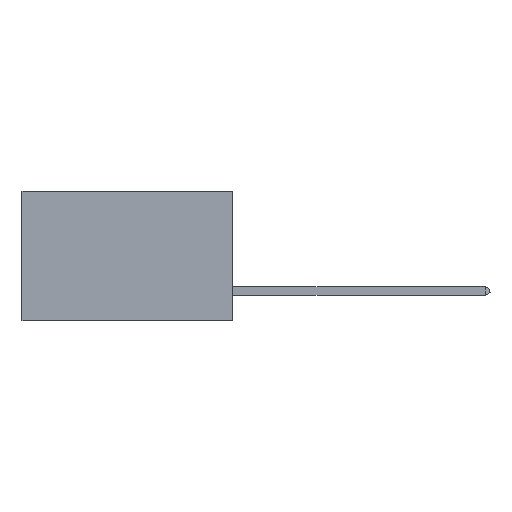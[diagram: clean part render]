
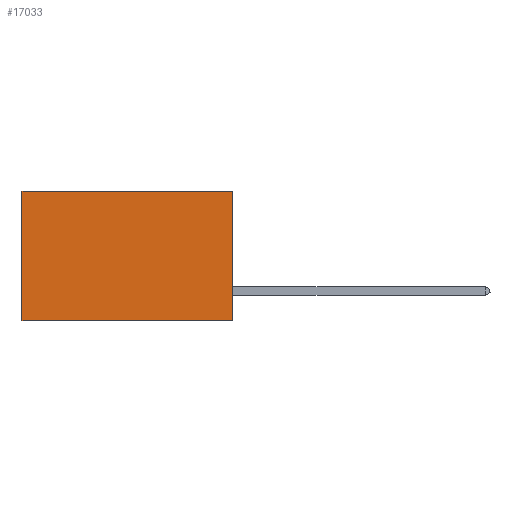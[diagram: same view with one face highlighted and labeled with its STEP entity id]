
A CAD part, left-side view. The second image highlights one B-rep face of the part: STEP entity #17033.
In plain terms, the highlighted planar face has unit normal (-1, 0, 0).
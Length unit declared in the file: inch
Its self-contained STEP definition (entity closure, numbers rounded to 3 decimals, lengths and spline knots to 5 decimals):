
#80 = FACE_OUTER_BOUND ( 'NONE', #21741, .T. ) ;
#475 = CARTESIAN_POINT ( 'NONE',  ( 0.2875, 0., 0. ) ) ;
#747 = VECTOR ( 'NONE', #19615, 39.37008 ) ;
#761 = LINE ( 'NONE', #13694, #6842 ) ;
#1000 = LINE ( 'NONE', #21200, #747 ) ;
#1943 = ORIENTED_EDGE ( 'NONE', *, *, #1954, .T. ) ;
#1954 = EDGE_CURVE ( 'NONE', #20942, #7213, #1000, .T. ) ;
#4426 = LINE ( 'NONE', #22222, #13239 ) ;
#5120 = DIRECTION ( 'NONE',  ( 0., 0., -1. ) ) ;
#5210 = CARTESIAN_POINT ( 'NONE',  ( 0.2875, 0., 0. ) ) ;
#5415 = CARTESIAN_POINT ( 'NONE',  ( 0.2875, 0.6, -0.37 ) ) ;
#6842 = VECTOR ( 'NONE', #5120, 39.37008 ) ;
#6940 = CARTESIAN_POINT ( 'NONE',  ( 0.2875, 0.6, 0. ) ) ;
#7213 = VERTEX_POINT ( 'NONE', #5415 ) ;
#7261 = LINE ( 'NONE', #5210, #18738 ) ;
#7386 = CARTESIAN_POINT ( 'NONE',  ( 0.2875, 0., 0. ) ) ;
#7805 = EDGE_CURVE ( 'NONE', #10215, #7213, #4426, .T. ) ;
#9823 = DIRECTION ( 'NONE',  ( 0., 1., 0. ) ) ;
#10003 = EDGE_CURVE ( 'NONE', #14384, #20942, #7261, .T. ) ;
#10211 = CARTESIAN_POINT ( 'NONE',  ( 0.2875, 0., -0.37 ) ) ;
#10215 = VERTEX_POINT ( 'NONE', #10211 ) ;
#10734 = ORIENTED_EDGE ( 'NONE', *, *, #13709, .F. ) ;
#13239 = VECTOR ( 'NONE', #9823, 39.37008 ) ;
#13694 = CARTESIAN_POINT ( 'NONE',  ( 0.2875, 0., 0. ) ) ;
#13709 = EDGE_CURVE ( 'NONE', #14384, #10215, #761, .T. ) ;
#14226 = AXIS2_PLACEMENT_3D ( 'NONE', #7386, #16291, #14628 ) ;
#14384 = VERTEX_POINT ( 'NONE', #475 ) ;
#14628 = DIRECTION ( 'NONE',  ( 0., 0., -1. ) ) ;
#16141 = ORIENTED_EDGE ( 'NONE', *, *, #10003, .T. ) ;
#16291 = DIRECTION ( 'NONE',  ( 1., 0., 0. ) ) ;
#17033 = ADVANCED_FACE ( 'NONE', ( #80 ), #19760, .F. ) ;
#17599 = ORIENTED_EDGE ( 'NONE', *, *, #7805, .F. ) ;
#18085 = DIRECTION ( 'NONE',  ( 0., 1., 0. ) ) ;
#18738 = VECTOR ( 'NONE', #18085, 39.37008 ) ;
#19615 = DIRECTION ( 'NONE',  ( 0., 0., -1. ) ) ;
#19760 = PLANE ( 'NONE',  #14226 ) ;
#20942 = VERTEX_POINT ( 'NONE', #6940 ) ;
#21200 = CARTESIAN_POINT ( 'NONE',  ( 0.2875, 0.6, 0. ) ) ;
#21741 = EDGE_LOOP ( 'NONE', ( #1943, #17599, #10734, #16141 ) ) ;
#22222 = CARTESIAN_POINT ( 'NONE',  ( 0.2875, 0., -0.37 ) ) ;

DIRECTIONS FOR THIS TASK:
From the listing above, the lines starting with the one that has "#14384 = VERTEX_POINT ( 'NONE', #475 ) ;" and running through the one that has "#17599 = ORIENTED_EDGE" should be copied exactly, ends included.

OUTPUT FOR THIS TASK:
#14384 = VERTEX_POINT ( 'NONE', #475 ) ;
#14628 = DIRECTION ( 'NONE',  ( 0., 0., -1. ) ) ;
#16141 = ORIENTED_EDGE ( 'NONE', *, *, #10003, .T. ) ;
#16291 = DIRECTION ( 'NONE',  ( 1., 0., 0. ) ) ;
#17033 = ADVANCED_FACE ( 'NONE', ( #80 ), #19760, .F. ) ;
#17599 = ORIENTED_EDGE ( 'NONE', *, *, #7805, .F. ) ;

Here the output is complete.